**Exercise**:
Below are the entries; state how many of their lines contain the string "front", and nothing more.

**Information given**:
-=-=-=-=-

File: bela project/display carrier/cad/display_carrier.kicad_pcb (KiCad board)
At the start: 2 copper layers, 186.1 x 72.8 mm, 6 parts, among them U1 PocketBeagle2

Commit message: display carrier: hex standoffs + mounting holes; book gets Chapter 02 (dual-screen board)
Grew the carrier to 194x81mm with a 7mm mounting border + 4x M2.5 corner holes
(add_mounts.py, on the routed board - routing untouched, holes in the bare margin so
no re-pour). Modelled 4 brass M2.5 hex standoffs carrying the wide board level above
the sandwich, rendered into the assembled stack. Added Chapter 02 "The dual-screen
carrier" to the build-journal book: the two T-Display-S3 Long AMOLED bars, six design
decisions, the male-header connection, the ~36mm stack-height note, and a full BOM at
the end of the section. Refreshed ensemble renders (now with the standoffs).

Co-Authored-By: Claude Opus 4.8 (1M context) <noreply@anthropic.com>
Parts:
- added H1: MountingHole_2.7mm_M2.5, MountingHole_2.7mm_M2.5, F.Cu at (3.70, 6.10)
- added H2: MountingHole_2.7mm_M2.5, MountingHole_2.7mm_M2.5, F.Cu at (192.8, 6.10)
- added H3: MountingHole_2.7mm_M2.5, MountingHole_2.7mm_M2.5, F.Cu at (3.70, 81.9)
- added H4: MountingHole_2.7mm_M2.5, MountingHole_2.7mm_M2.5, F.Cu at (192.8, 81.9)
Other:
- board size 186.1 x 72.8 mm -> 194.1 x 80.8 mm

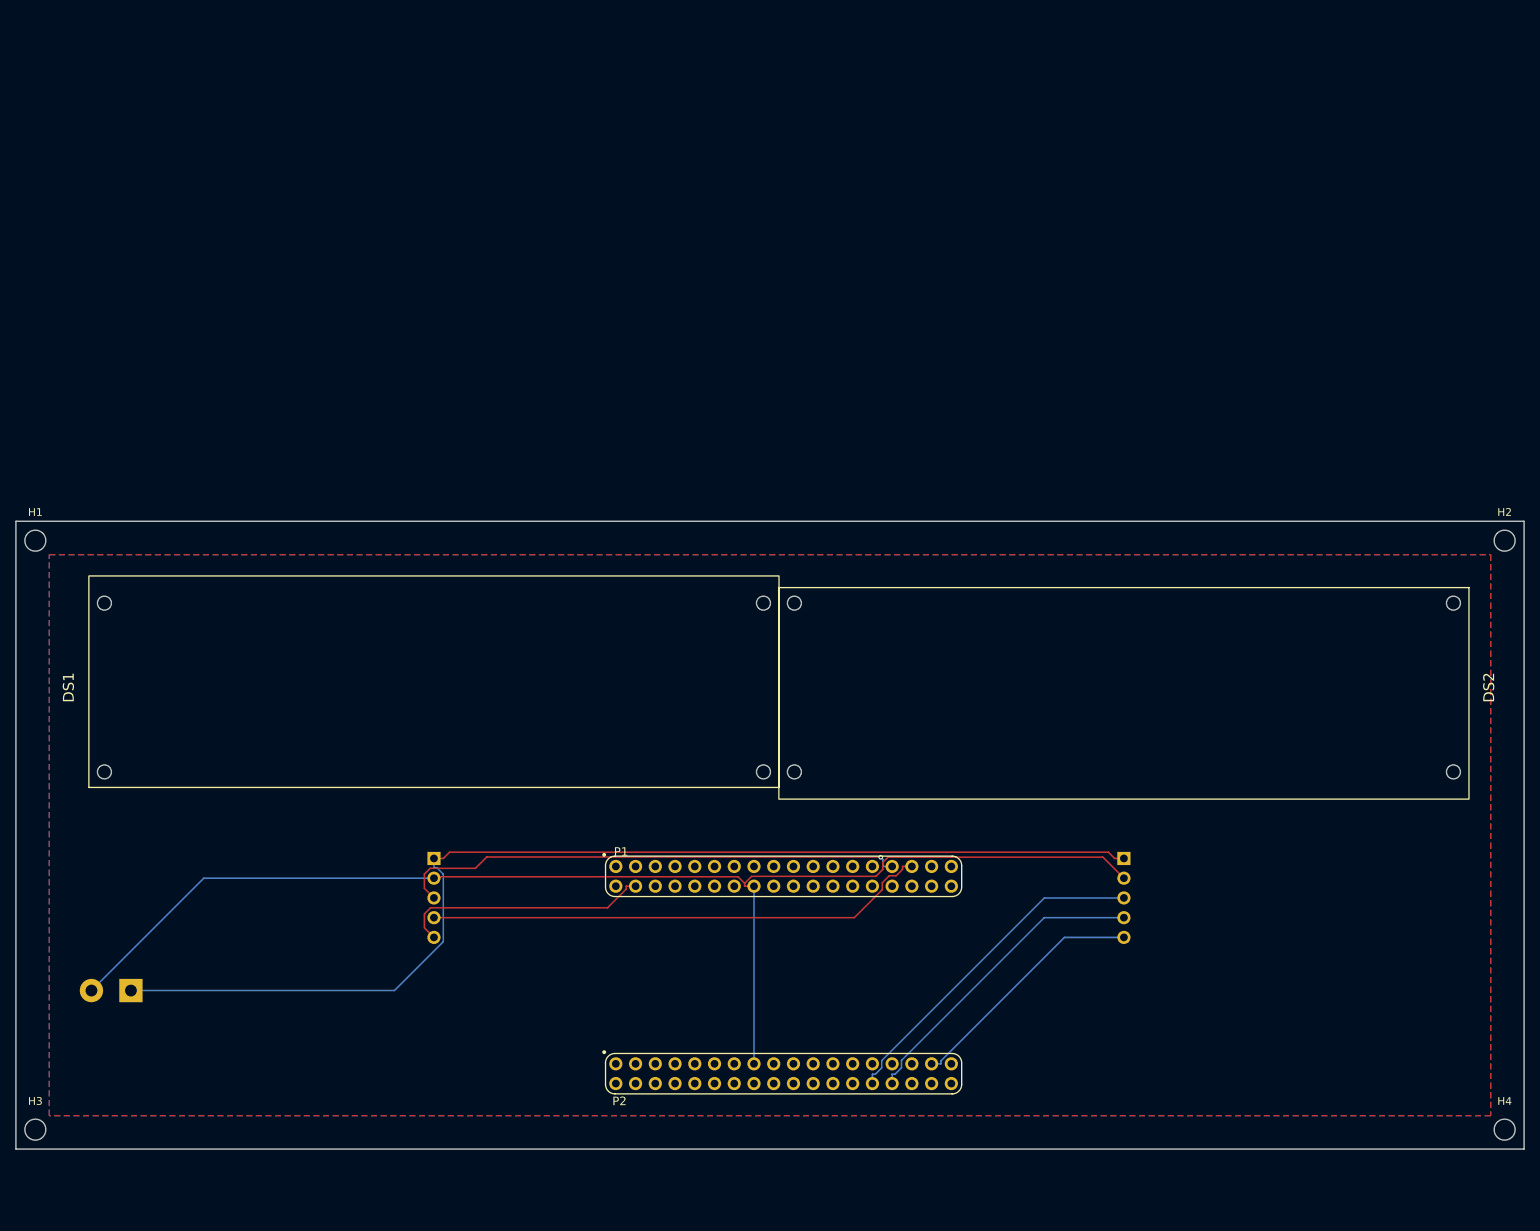
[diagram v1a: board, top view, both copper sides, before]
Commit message: carrier: MIDI ribbon HUB (J_MIDI) + full-ensemble STEP with all jacks for MoI3D
Added J_MIDI (2x3 IDC) to the display carrier so the MIDI board's ribbon plugs into the
carrier UNDERSIDE and is distributed down via U1 to free Beagle pins (+3V3=P2.23,
RX=P2.32, TX=P2.34 - UART4 is taken by the Bela's audio, so MIDI is soft-serial like
the displays). Re-routed (0.25mm, 83 tracks, 0 unconnected, board 194x89mm). Rebuilt
XOVND_ensemble.step (~630 solids): all 4 boards positioned + 4 hex standoffs + ribbon,
with the MIDI board flipped 180deg so its TRS jacks face the front panel. The Lumberg
1503 jack 3D model isn't installed in this KiCad, so neither the MIDI nor the Bela audio
jacks render - added box+barrel approximations (bl_addjacks.py + the STEP merge) so all
four minijacks are visible. Refreshed ensemble + jack renders.

Co-Authored-By: Claude Opus 4.8 (1M context) <noreply@anthropic.com>
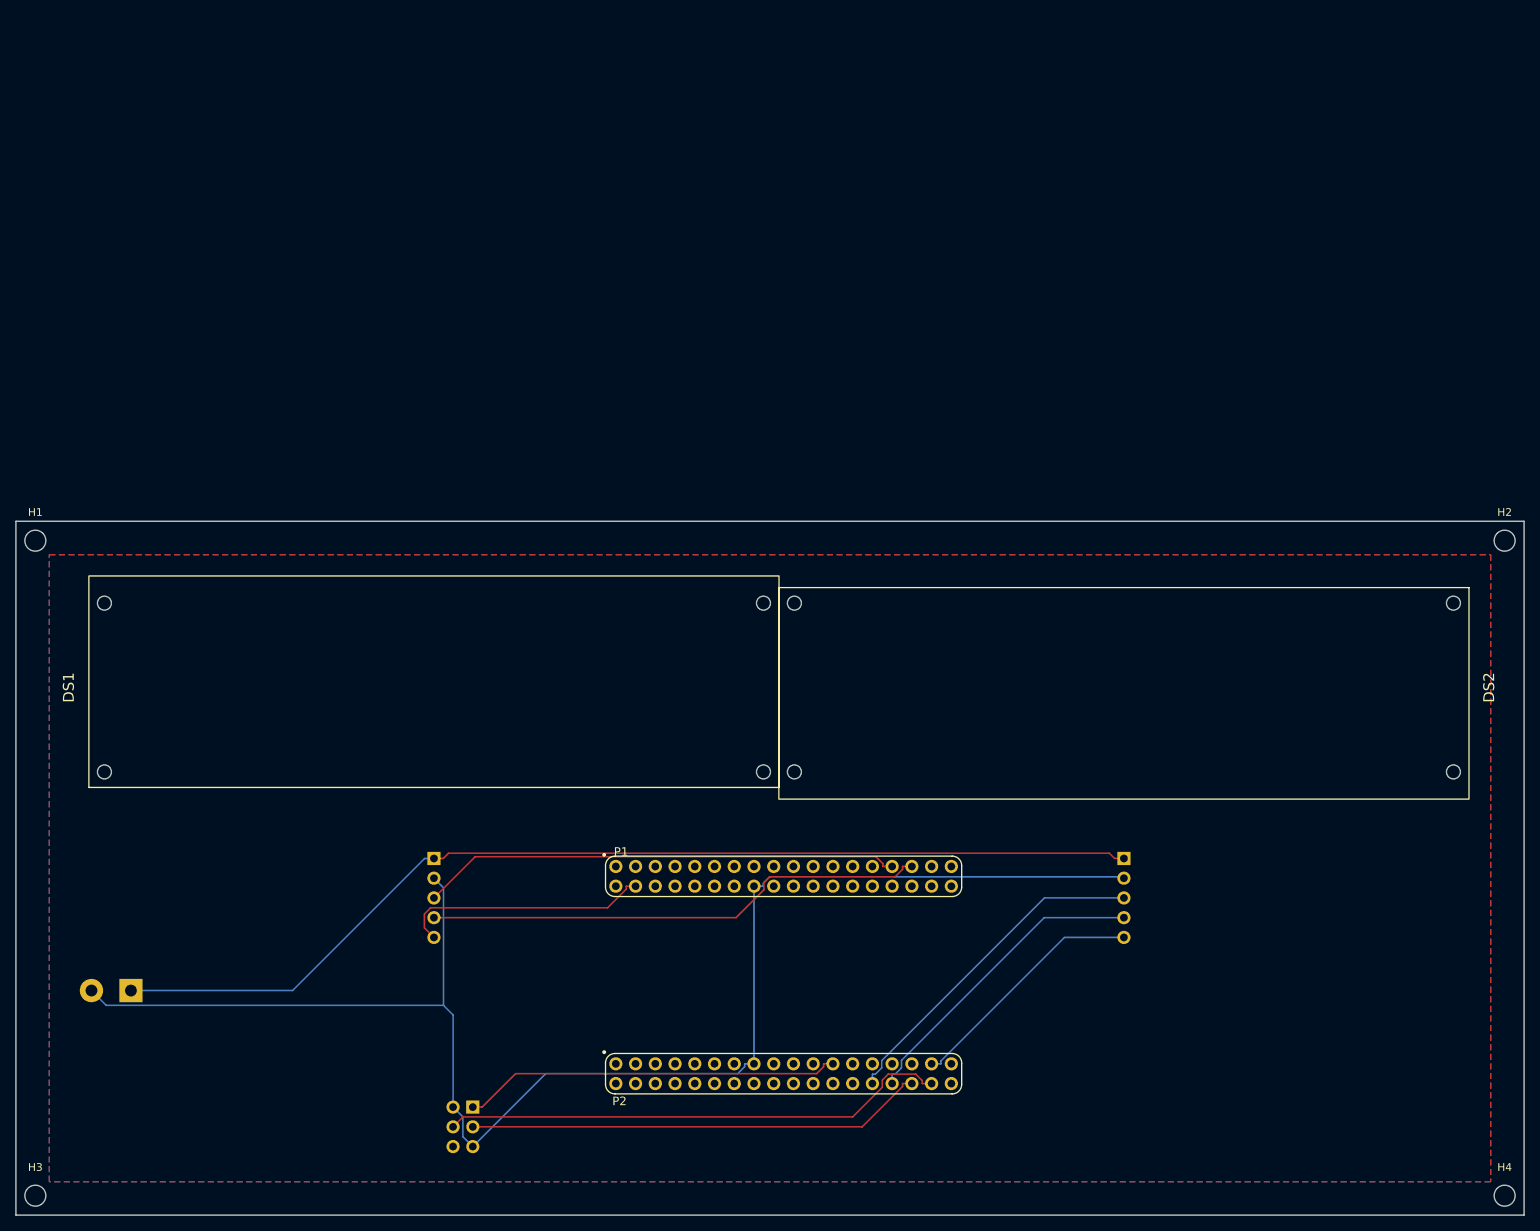
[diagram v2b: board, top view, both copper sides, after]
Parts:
- added J_MIDI: MIDI_HUB, PinHeader_2x03_P2.54mm_Vertical, B.Cu at (60.0, 79.0)
- moved H3 8.50 mm to (3.70, 90.4)
- moved H4 8.50 mm to (192.8, 90.4)
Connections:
- U1 pad P2.23: (no net) -> +3V3
- U1 pad P2.32: (no net) -> MIDI_RX
- U1 pad P2.34: (no net) -> MIDI_TX
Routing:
- net MIDI_TX: track 0.00 -> 65.7 mm
- net MIDI_RX: track 0.00 -> 59.0 mm
- net +3V3: track 0.00 -> 48.9 mm
- net GND: track 166.8 -> 194.8 mm
- net +5V: track 143.7 -> 135.4 mm
- net DA_TX: track 65.7 -> 61.9 mm, vias 1 -> 0
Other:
- board size 194.1 x 80.8 mm -> 194.1 x 89.3 mm

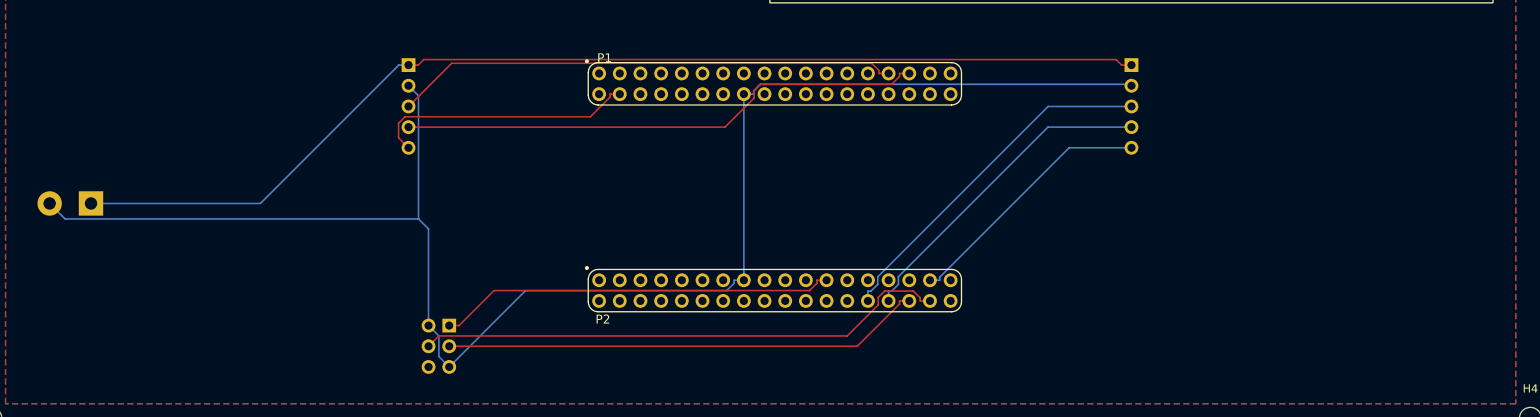
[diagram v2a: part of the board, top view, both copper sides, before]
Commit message: carrier: fly the sandwich to the right edge so the Bela audio jacks are accessible
The wide carrier buried the Bela's audio jacks ~68mm inside. Moved U1 on the carrier to
the right edge (KiCad x 100->165, below DS2; JB 143.8->110 to clear it) so the Beagle+Bela
sandwich sits at that edge and the audio jacks reach a free panel edge (barrel to world
x~59, carrier edge ~58). Re-routed clean (0 unconnected, 87 tracks). Trade-off, accepted:
the two displays are now asymmetric (left of the sandwich). Ensemble transforms updated
(G_CARRIER -137, MIDI relocated front-left by the moved J_MIDI), STEP re-merged, renders
refreshed. Also fixed the Lumberg jack model (not shipped with this KiCad) - gen_jack.py
generates it and the MIDI footprint points at it, so J1/J2 render natively too.

Co-Authored-By: Claude Opus 4.8 (1M context) <noreply@anthropic.com>
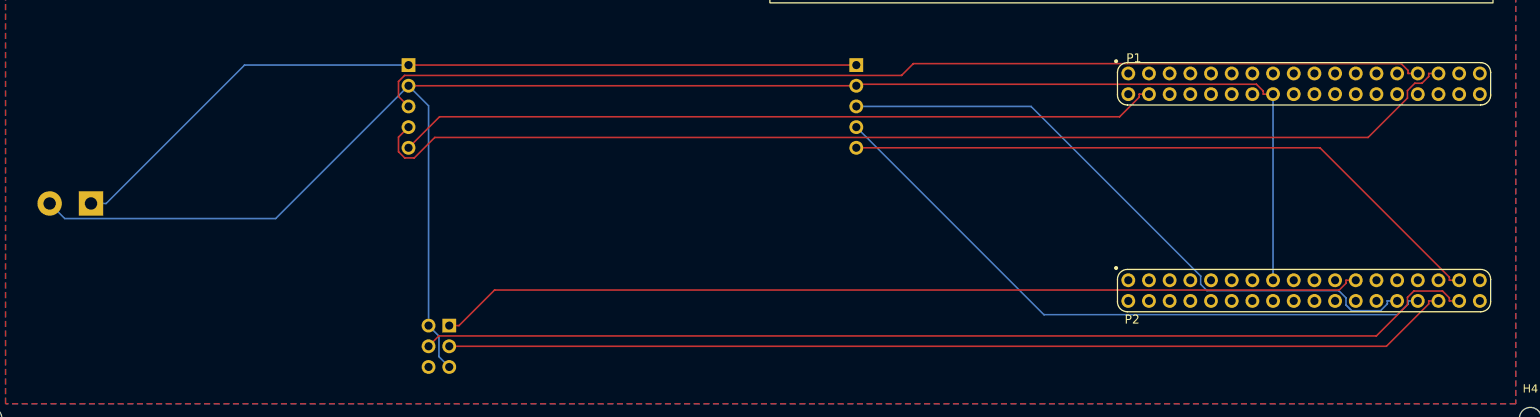
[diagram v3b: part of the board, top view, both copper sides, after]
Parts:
- moved U1 65.0 mm to (165.0, 62.0)
- moved JB 33.8 mm to (110.0, 47.0)
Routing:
- net DA_RX: track 65.0 -> 136.6 mm
- net DA_TX: track 61.9 -> 130.4 mm
- net +3V3: track 48.9 -> 113.9 mm
- net MIDI_RX: track 59.0 -> 124.0 mm
- net MIDI_TX: track 65.7 -> 130.7 mm
- net DA_RST: track 32.4 -> 93.9 mm
- net DB_RST: track 31.7 -> 81.0 mm
- net DB_RX: track 39.9 -> 79.4 mm
- net DB_TX: track 43.5 -> 78.6 mm
- net +5V: track 135.4 -> 101.0 mm
- net GND: track 194.8 -> 218.1 mm

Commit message: carrier: JA/JB become FEMALE sockets on the front so the displays plug in for power+data
The displays had no direct connector - JA/JB were male cable headers on the back. Changed
them to FEMALE PinSocket_1x05 on F.Cu (the display side), in the gap just below each panel,
so each T-Display module plugs straight in for +5V/GND/TX/RX/RST (no cable). JB is offset
left (x110->120) to clear the edge-shifted U1 - fixed a pad/hole/mask collision + 2
unconnected that came from JB overlapping U1's pins. Re-routed clean (0 unconnected, 80
tracks, 0 hard DRC). GLB/STEP + ensemble re-exported; socket position should be matched to
the LILYGO module's real breakout header.

Co-Authored-By: Claude Opus 4.8 (1M context) <noreply@anthropic.com>
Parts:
- removed the JA at (55.0, 47.0)
- removed the JB at (110.0, 47.0)
- added JA: DISP_A, PinSocket_1x05_P2.54mm_Vertical, F.Cu at (55.0, 43.0)
- added JB: DISP_B, PinSocket_1x05_P2.54mm_Vertical, F.Cu at (120.0, 43.0)
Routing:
- net +5V: track 101.0 -> 112.7 mm
- net DB_RX: track 79.4 -> 70.2 mm
- net DA_RX: track 136.6 -> 127.8 mm
- net DB_RST: track 81.0 -> 72.7 mm
- net DA_TX: track 130.4 -> 125.2 mm
- net DB_TX: track 78.6 -> 73.9 mm
- net DA_RST: track 93.9 -> 92.2 mm
- net MIDI_TX: track 130.7 -> 130.1 mm
- net +3V3: track 113.9 -> 114.4 mm

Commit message: display carrier: align JA/JB sockets to the LILYGO P5 connector (coincident + exact)
The P5 panel sockets were placed from an assumed module-frame P5 centre, which
put them ~12.6 mm off the display's actual factory connector. Measured the real
H685 P5 body positions in the exported STEP (DS1 (69.9,31.3), DS2 (128.9,18.7))
and moved JA/JB so each socket's pad-centre sits coincident with the module's P5,
to ±0.1 mm — the male P5 now inserts into the socket receptacle and each panel
seats at its true sandwiched height. JA/JB are now 2x15 P1.27 mm PinSockets that
mirror the LILYGO P5 pin-for-pin (was a mis-scoped 1x5). Re-routed clean (0
unconnected, 0 hard DRC), re-exported GLB + STEP, re-merged XOVND_ensemble.step,
rebuilt the Blender stack. Refreshed the build-journal book (JA/JB text + BOM +
carrier renders). Removed the dead 1x5 footprints.

Co-Authored-By: Claude Opus 4.8 (1M context) <noreply@anthropic.com>
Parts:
- removed the JA at (55.0, 43.0)
- removed the JB at (120.0, 43.0)
- added JA: DISP_A, PinSocket_2x15_P1.27mm_Vertical, F.Cu at (61.0, 30.7)
- added JB: DISP_B, PinSocket_2x15_P1.27mm_Vertical, F.Cu at (137.8, 19.3)
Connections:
- U1 pad P1.4: DA_RST -> (no net)
- U1 pad P2.33: DB_RST -> (no net)
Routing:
- net DA_RST: track 92.2 -> 0.00 mm
- net DB_RST: track 72.7 -> 0.00 mm
- net GND: track 218.1 -> 251.3 mm
- net DB_TX: track 73.9 -> 104.7 mm
- net DB_RX: track 70.2 -> 85.5 mm
- net +5V: track 112.7 -> 124.5 mm
- net DA_TX: track 125.2 -> 115.2 mm, vias 0 -> 1
- net DA_RX: track 127.8 -> 118.5 mm
- net MIDI_TX: track 130.1 -> 130.7 mm
- net +3V3: track 114.4 -> 113.9 mm

-=-=-=-=-

**Written response**:
3